Le terrain, un impératif à ne pas négliger
« Le développement du travail à distance a augmenté les pratiques occultes. C'est un des revers de la médaille qui est très peu évoqué. In fine, c'est toute une partie de la chaîne d'approvisionnement qui se rencontre moins voire qui ne se rencontre plus. Il importe de ne pas se baser que sur du déclaratif. Il faut enquêter sur la mise en oeuvre des contrats et rectifier le tir si besoin », précise Myriam de Gauddusson, associé au cabinet Franklin, cabinet spécialisé dans le droit des affaires. L'observation sur le terrain demeure essentielle surtout lorsqu'un plan d'actions correctives a été décidé pour faire progresser le fournisseur sur le sujet. Autre sujet à surveiller comme le lait sur le feu, celui de la responsabilité fournisseur à l'international. Me de Gauddusson précise : « Dans ce contexte, il faut être particulièrement vigilant sur la délégation. Délégation hiérarchique, géographique et fonctionnelle peuvent s'entrechoquer. Les relations fournisseurs peuvent alors comporter des zones grises sur l'exécution du contrat en termes de responsabilité pénale. » En bref, une chaîne de délégation claire qui conjugue responsabilité hiérarchique, fonctionnelle et géographique est un des piliers centraux de votre relation fournisseur.

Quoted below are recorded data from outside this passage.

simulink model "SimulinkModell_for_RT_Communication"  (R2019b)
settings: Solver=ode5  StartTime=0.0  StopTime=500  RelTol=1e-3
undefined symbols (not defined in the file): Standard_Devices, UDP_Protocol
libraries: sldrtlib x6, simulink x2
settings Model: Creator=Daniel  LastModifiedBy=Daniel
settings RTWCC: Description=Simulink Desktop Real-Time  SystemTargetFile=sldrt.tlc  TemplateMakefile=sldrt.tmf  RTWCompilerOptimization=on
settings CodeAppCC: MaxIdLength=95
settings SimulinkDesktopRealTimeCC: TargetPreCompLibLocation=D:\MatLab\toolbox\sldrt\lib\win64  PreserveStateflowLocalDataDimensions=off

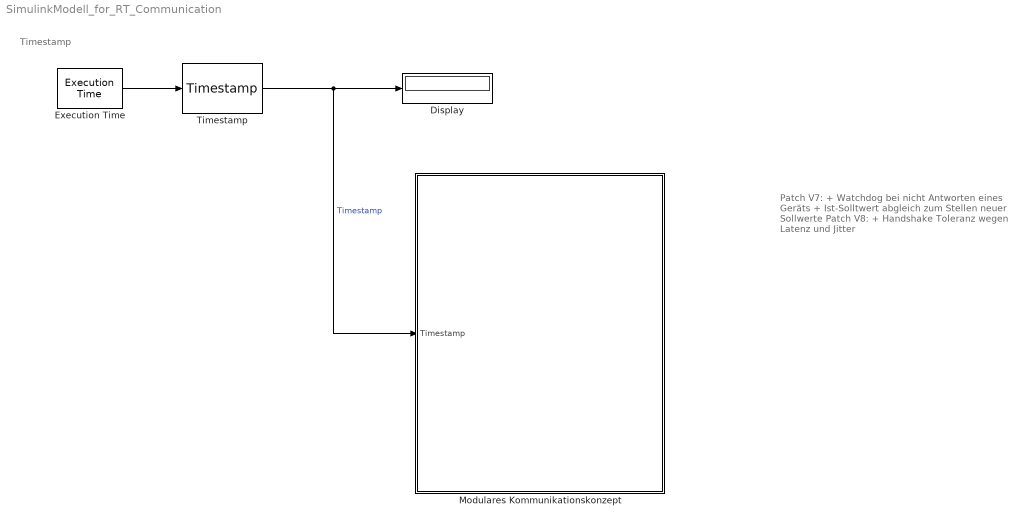
== system SimulinkModell_for_RT_Communication ==
  note: Patch V7:
      | + Watchdog bei nicht Antworten eines Geräts
      | + Ist-Solltwert abgleich zum Stellen neuer Sollwerte
      |
      | Patch V8:
      | + Handshake Toleranz wegen Latenz und Jitter
  note: Timestamp
  Display : Display
  Execution Time : sldrtlib/Target Profiling/Execution Time  ShowTaskTimes=off
      settings: SourceProductName=Simulink Desktop Real-Time  SourceProductBaseCode=WT
  Modulares Kommunikationskonzept : Subsystem
  Timestamp : sldrtlib/Target Profiling/Timestamp
      settings: SourceProductName=Simulink Desktop Real-Time  SourceProductBaseCode=WT
  wires:
  Timestamp/1 -> Modulares Kommunikationskonzept/1(Timestamp), Display/1  "Timestamp"
  Execution Time/1 -> Timestamp/1

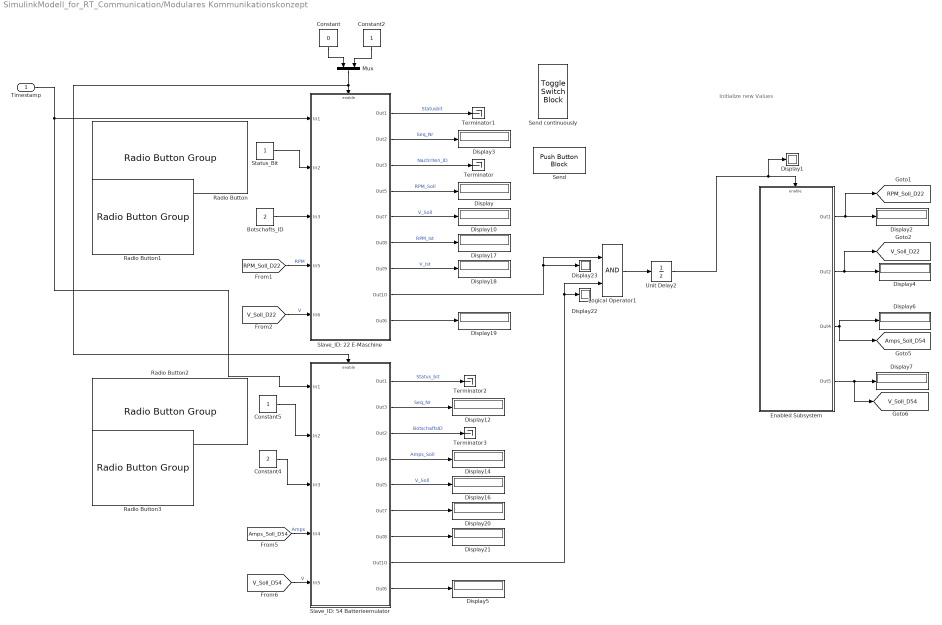
== system SimulinkModell_for_RT_Communication/Modulares Kommunikationskonzept ==
  note: Initialize new Values
  Timestamp : Inport
  Botschafts_ID : Constant  Value=2
  Constant : Constant  Value=0
  Constant2 : Constant
  Constant4 : Constant  Value=2
  Constant5 : Constant
  Display{,1..7,10,12,14,16..23} (19 alike) : Display
  Enabled Subsystem : Subsystem  TreatAsAtomicUnit=on
  Logical Operator1 : Logic  AllPortsSameDT=off  OutDataTypeStr=boolean
  Mux : Mux  Inputs=2
  Radio Button : RadioButtonGroup  LabelPosition=Hide  SelectedLabel=Response_Simulation_D22  ButtonGroupName=Status_Bit
      settings: Values={{'NoResponse_Simulation_D22', 'Response_Simulation_D22'}, [0 1]}
  Radio Button1 : RadioButtonGroup  LabelPosition=Hide  SelectedLabel=Datenabfrage_ID  ButtonGroupName=Botschafts_IDs
      settings: Values={{'Sollwert_ID', 'Datenabfrage_ID', 'Config_ID'}, [1 2 3]}
  Radio Button2 : RadioButtonGroup  LabelPosition=Hide  SelectedLabel=Response_Simulation_D54  ButtonGroupName=Status_Bit
      settings: Values={{'NoResponse_Simulation_D54', 'Response_Simulation_D54'}, [0 1]}
  Radio Button3 : RadioButtonGroup  LabelPosition=Hide  SelectedLabel=Datenabfrage_ID  ButtonGroupName=Botschafts_IDs
      settings: Values={{'Sollwert_ID', 'Datenabfrage_ID', 'Config_ID'}, [1 2 3]}
  Send : PushButtonBlock  ButtonText=Senden
  Send continuously : ToggleSwitchBlock  LabelPosition=Hide
      settings: Values={{'Off', 'On'}, [0 1]}
  Slave_ID: 22 E-Maschine : Subsystem  TreatAsAtomicUnit=on
  Slave_ID: 54 Batterieemulator : Subsystem  TreatAsAtomicUnit=on
  Status_Bit : Constant
  Terminator{,1..3} (4 alike) : Terminator
  Unit Delay2 : UnitDelay  InitialCondition=1  InputProcessing=Columns as channels (frame based)  SampleTime=-1  HasFrameUpgradeWarning=on
  tag scope: Amps_Soll_D54=global, RPM_Soll_D22=global, V_Soll_D22=global, V_Soll_D54=global
  wires:
  Timestamp/1 -> Slave_ID: 22 E-Maschine/1(In1), Slave_ID: 54 Batterieemulator/1(In1)
  Enabled Subsystem/4(Out5) -> Display7/1, [V_Soll_D54]
  Enabled Subsystem/1(Out1) -> [RPM_Soll_D22], Display2/1
  Enabled Subsystem/3(Out4) -> Display6/1, [Amps_Soll_D54]
  Slave_ID: 54 Batterieemulator/1(Out1) -> Terminator2/1  "Status_bit"
  Slave_ID: 22 E-Maschine/1(Out1) -> Terminator1/1  "Statusbit"
  Enabled Subsystem/2(Out2) -> Display4/1, [V_Soll_D22]
  [V_Soll_D54] -> Slave_ID: 54 Batterieemulator/5(In5)  "V"
  Constant/1 -> Mux/1
  [RPM_Soll_D22] -> Slave_ID: 22 E-Maschine/4(In5)  "RPM"
  [V_Soll_D22] -> Slave_ID: 22 E-Maschine/5(In6)  "V"
  Slave_ID: 22 E-Maschine/2(Out2) -> Display3/1  "Seq_Nr"
  Constant5/1 -> Slave_ID: 54 Batterieemulator/2(In2)
  Slave_ID: 22 E-Maschine/3(Out3) -> Terminator/1  "Nachriten_ID"
  Status_Bit/1 -> Slave_ID: 22 E-Maschine/2(In2)
  [Amps_Soll_D54] -> Slave_ID: 54 Batterieemulator/4(In4)  "Amps"
  Slave_ID: 54 Batterieemulator/2(Out3) -> Display12/1  "Seq_Nr"
  Slave_ID: 54 Batterieemulator/4(Out4) -> Display14/1  "Amps_Soll"
  Slave_ID: 54 Batterieemulator/3(Out2) -> Terminator3/1  "BotschaftsID"
  Logical Operator1/1 -> Unit Delay2/1
  Slave_ID: 22 E-Maschine/4(Out5) -> Display/1  "RPM_Soll"
  Slave_ID: 54 Batterieemulator/5(Out5) -> Display16/1  "V_Soll"
  Slave_ID: 22 E-Maschine/9(Out6) -> Display19/1
  Constant2/1 -> Mux/2
  Mux/1 -> Slave_ID: 54 Batterieemulator/Enable, Slave_ID: 22 E-Maschine/Enable
  Botschafts_ID/1 -> Slave_ID: 22 E-Maschine/3("In3 ")
  Slave_ID: 22 E-Maschine/5(Out7) -> Display10/1  "V_Soll"
  Slave_ID: 22 E-Maschine/6(Out8) -> Display17/1  "RPM_Ist"
  Slave_ID: 22 E-Maschine/7(Out9) -> Display18/1  "V_Ist"
  Constant4/1 -> Slave_ID: 54 Batterieemulator/3(In3)
  Slave_ID: 54 Batterieemulator/6(Out7) -> Display20/1
  Slave_ID: 54 Batterieemulator/7(Out8) -> Display21/1
  Slave_ID: 54 Batterieemulator/8(Out10) -> Logical Operator1/2, Display22/1
  Slave_ID: 22 E-Maschine/8(Out10) -> Logical Operator1/1, Display23/1
  Slave_ID: 54 Batterieemulator/9(Out6) -> Display5/1
  Unit Delay2/1 -> Display1/1, Enabled Subsystem/Enable

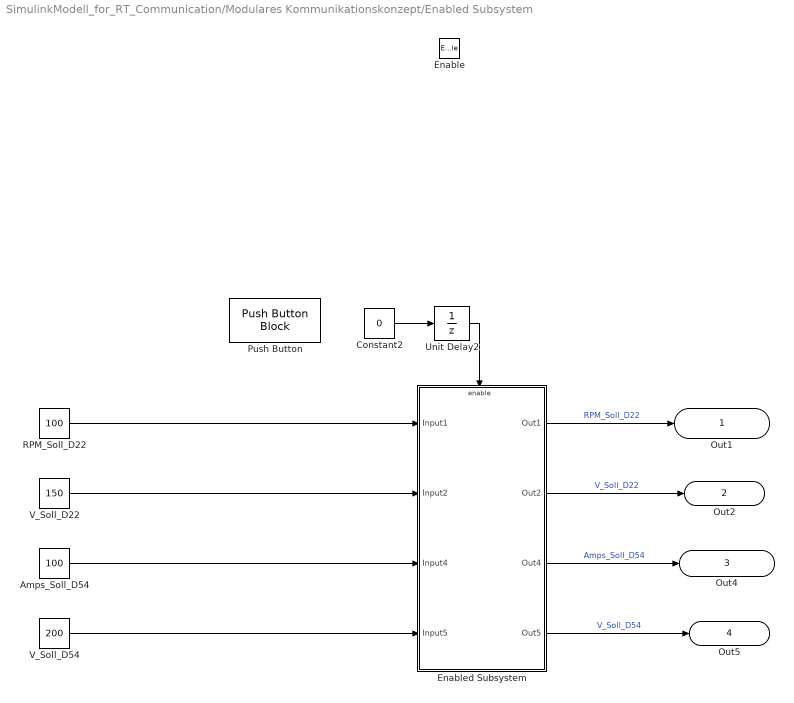
== system SimulinkModell_for_RT_Communication/Modulares Kommunikationskonzept/Enabled Subsystem ==
  Enable : EnablePort
  Amps_Soll_D54 : Constant  Value=100  SampleTime=0.1
  Constant2 : Constant  Value=0
  Enabled Subsystem : Subsystem  TreatAsAtomicUnit=on
  Push Button : PushButtonBlock  ButtonText=Initialisieren
  RPM_Soll_D22 : Constant  Value=100  SampleTime=0.1
  Unit Delay2 : UnitDelay  InitialCondition=1  InputProcessing=Columns as channels (frame based)  SampleTime=-1  HasFrameUpgradeWarning=on
  V_Soll_D22 : Constant  Value=150  SampleTime=0.1
  V_Soll_D54 : Constant  Value=200  SampleTime=0.1
  Out1 : Outport
  Out2 : Outport  Port=2
  Out4 : Outport  Port=3
  Out5 : Outport  Port=4
  wires:
  V_Soll_D22/1 -> Enabled Subsystem/2(Input2)
  RPM_Soll_D22/1 -> Enabled Subsystem/1(Input1)
  Enabled Subsystem/2("Out2 ") -> Out2/1  "V_Soll_D22"
  Enabled Subsystem/1(Out1) -> Out1/1  "RPM_Soll_D22"
  Amps_Soll_D54/1 -> Enabled Subsystem/3(Input4)
  V_Soll_D54/1 -> Enabled Subsystem/4(Input5)
  Enabled Subsystem/3(Out4) -> Out4/1  "Amps_Soll_D54"
  Enabled Subsystem/4(Out5) -> Out5/1  "V_Soll_D54"
  Constant2/1 -> Unit Delay2/1
  Unit Delay2/1 -> Enabled Subsystem/Enable

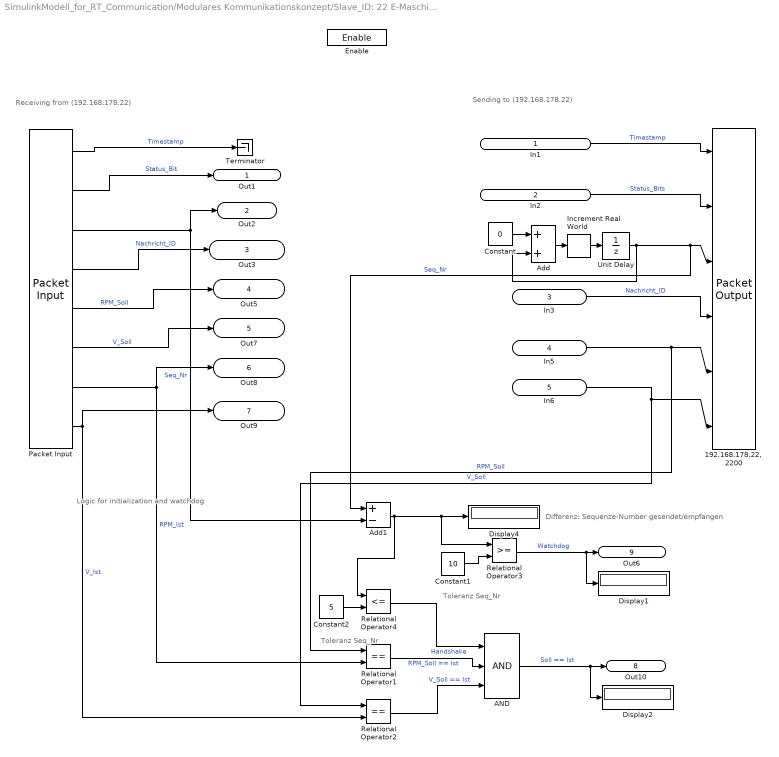
== system SimulinkModell_for_RT_Communication/Modulares Kommunikationskonzept/Slave_ID: 22 E-Maschine ==
  note: Differenz: Sequenze-Number gesendet/empfangen
  note: Toleranz Seq_Nr
  note: Logic for initialization and watchdog
  note: Sending to (192.168.178.22)
  note: Receiving from (192.168.178.22)
  note: Toleranz Seq_Nr
  In1 : Inport
  In2 : Inport  Port=2
  "In3 " : Inport  Port=3
  In5 : Inport  Port=4
  In6 : Inport  Port=5
  Enable : EnablePort
  "192.168.178.22, 2200" : sldrtlib/Packet Output  SampleTime=0.5  MaxMissedTicks=10  ShowMissedTicks=off  YieldWhenWaiting=off  DrvName=Standard_Devices/UDP_Protocol  DrvAddress=22  DrvOptions=[0 2200 49 57 50 46 49 54 56 46 49 55 56 46 50 50 0 0 0 0 0 0 0 0 0 0 0 0 0 0 0 0 0 0 0 0 0 0 0 0 0 0 0 0 0 0 0 0 0 0 0 0 0 0 0 0 0 0 0 0 0 0 0 0 0 0 0 0 0 0 0 0 0 0 0 0 0 0 0 0 0 0 0 0 0 0 0 0 0 0 0 0 0 0 0 0 0 0 0 0 0 0 0 0 0 0 0 0 0 0 0 0 0 0 0 0 0 0 0 0 0 0 0 0 0 0 0 0 0 0 0 0 0 0 0 0 0 0 0 0 0 0 0 0 0 0 0 0 0 0 0 0 0 0 0 0 0 0 0 0 0 0 0 0 0 0 0 0 0 0 0 0 0 0 0 0 0 0 0 0 0 0 0 0 0 0 0 0 0 0 0 0 0 0 0 0 0 0 0 0 0 0 0 0 0 0 0 0 0 0 0 0 0 0 0 0 0 0 0 0 0 0 0 0 0 0 0 0 0 0 0 0 0 0 0 0 0 0 0 0 0 0 0 0 0 0 0 0 0 0 0 0 0 0 0 0]  PacketSize=(6*4)  DataTypes={'1*single','1*single','1*single','1*single','1*single','1*single'}  ShowReady=off  ShowError=off  PacketID=1  ByteOrder=1  InitialValue=[]  FinalValue=[]
      settings: AttributesFormatString=UDP Protocol [22]  SourceProductName=Simulink Desktop Real-Time
  AND : Logic  Inputs=3  AllPortsSameDT=off  OutDataTypeStr=boolean
  Add : Sum  OutDataTypeStr=single
  Add1 : Sum  Inputs=+-
  Constant : Constant  Value=0  OutDataTypeStr=single  SampleTime=0.5
  Constant1 : Constant  Value=10
  Constant2 : Constant  Value=5
  Display1 : Display
  Display2 : Display
  Display4 : Display
  Increment Real World : simulink/Additional Math & Discrete/Additional Math: Increment - Decrement/Increment Real World
      settings: SourceProductName=Simulink  SourceProductBaseCode=SL
  Packet Input : sldrtlib/Packet Input  SampleTime=0.0001  MaxMissedTicks=10  ShowMissedTicks=off  YieldWhenWaiting=off  DrvName=Standard_Devices/UDP_Protocol  DrvAddress=22  DrvOptions=[0 2200 49 57 50 46 49 54 56 46 49 55 56 46 50 50 0 0 0 0 0 0 0 0 0 0 0 0 0 0 0 0 0 0 0 0 0 0 0 0 0 0 0 0 0 0 0 0 0 0 0 0 0 0 0 0 0 0 0 0 0 0 0 0 0 0 0 0 0 0 0 0 0 0 0 0 0 0 0 0 0 0 0 0 0 0 0 0 0 0 0 0 0 0 0 0 0 0 0 0 0 0 0 0 0 0 0 0 0 0 0 0 0 0 0 0 0 0 0 0 0 0 0 0 0 0 0 0 0 0 0 0 0 0 0 0 0 0 0 0 0 0 0 0 0 0 0 0 0 0 0 0 0 0 0 0 0 0 0 0 0 0 0 0 0 0 0 0 0 0 0 0 0 0 0 0 0 0 0 0 0 0 0 0 0 0 0 0 0 0 0 0 0 0 0 0 0 0 0 0 0 0 0 0 0 0 0 0 0 0 0 0 0 0 0 0 0 0 0 0 0 0 0 0 0 0 0 0 0 0 0 0 0 0 0 0 0 0 0 0 0 0 0 0 0 0 0 0 0 0 0 0 0 0 0 0]  PacketSize=(8*4)  DataTypes={'1*single','1*single','1*single','1*single','1*single','1*single','1*single','1*single'}  ShowReady=off  ShowError=off  PacketID=1  ByteOrder=1  ShowTimestamp=off
      settings: AttributesFormatString=UDP Protocol [22]  SourceProductName=Simulink Desktop Real-Time
  Relational Operator1 : RelationalOperator  Operator===  OutDataTypeStr=boolean  RndMeth=Simplest
  Relational Operator2 : RelationalOperator  Operator===  OutDataTypeStr=boolean  RndMeth=Simplest
  Relational Operator3 : RelationalOperator  OutDataTypeStr=boolean  RndMeth=Simplest
  Relational Operator4 : RelationalOperator  Operator=<=  OutDataTypeStr=boolean  RndMeth=Simplest
  Terminator : Terminator
  Unit Delay : UnitDelay  InitialCondition=1  SampleTime=-1  HasFrameUpgradeWarning=on
  Out1 : Outport
  Out2 : Outport  Port=2
  Out3 : Outport  Port=3
  Out5 : Outport  Port=4
  Out7 : Outport  Port=5
  Out8 : Outport  Port=6
  Out9 : Outport  Port=7
  Out10 : Outport  Port=8
  Out6 : Outport  Port=9
  wires:
  In1/1 -> "192.168.178.22, 2200"/1  "Timestamp"
  In2/1 -> "192.168.178.22, 2200"/2  "Status_Bits"
  In5/1 -> "192.168.178.22, 2200"/5, Relational Operator1/1  "RPM_Soll"
  "In3 "/1 -> "192.168.178.22, 2200"/4  "Nachricht_ID"
  Packet Input/3 -> Out2/1, Add1/2  "Seq_Nr"
  Packet Input/1 -> Terminator/1  "Timestamp"
  Packet Input/2 -> Out1/1  "Status_Bit"
  Packet Input/4 -> Out3/1  "Nachricht_ID"
  In6/1 -> "192.168.178.22, 2200"/6, Relational Operator2/1  "V_Soll"
  Packet Input/7 -> Out8/1, Relational Operator1/2  "RPM_Ist"
  Packet Input/8 -> Out9/1, Relational Operator2/2  "V_Ist"
  Packet Input/5 -> Out5/1  "RPM_Soll"
  Packet Input/6 -> Out7/1  "V_Soll"
  Add/1 -> Increment Real World/1
  Constant/1 -> Add/1
  Unit Delay/1 -> Add1/1, "192.168.178.22, 2200"/3, Add/2  "Seq_Nr"
  Increment Real World/1 -> Unit Delay/1
  Relational Operator4/1 -> AND/1  "Handshake"
  Relational Operator1/1 -> AND/2  "RPM_Soll == Ist"
  Relational Operator2/1 -> AND/3  "V_Soll == Ist"
  AND/1 -> Display2/1, Out10/1  "Soll == Ist"
  Constant1/1 -> Relational Operator3/2
  Add1/1 -> Relational Operator4/1, Relational Operator3/1, Display4/1
  Relational Operator3/1 -> Display1/1, Out6/1  "Watchdog"
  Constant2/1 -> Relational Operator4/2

Creuser le multi-sourcing et les décisions de justice
Du point de vue opérationnel se pose inéluctablement la question de la traçabilité. « Sur le coton blanchi au Bangladesh, il est presque impossible de tracer les origines de ce dernier après transformation, illustre Guillaume Anoti. Pour rentrer dans une démarche réussie de Due Diligence, il importe de considérer la chaîne d'approvisionnement dans la globalité de sa chaîne de valeurs. La démarche est complexe et chronophage. » Effectivement, opérer une nomenclature produit de toute la chaîne d'approvisionnement et d'en identifier le multisourcing relève de la gageure. Le meilleur raccourci semble être à l'heure du SaaS et des solutions automatisées de collecte l'information et d'arbitrer son sourcing en fonction des recherches effectuées en termes d'intelligence économique. C'est d'ailleurs l'une des promesses d'Anoti qui recense décisions de justices, analyses fournisseurs et informations sur la e-reputation pour aider les acheteurs à moins s'exposer au risque.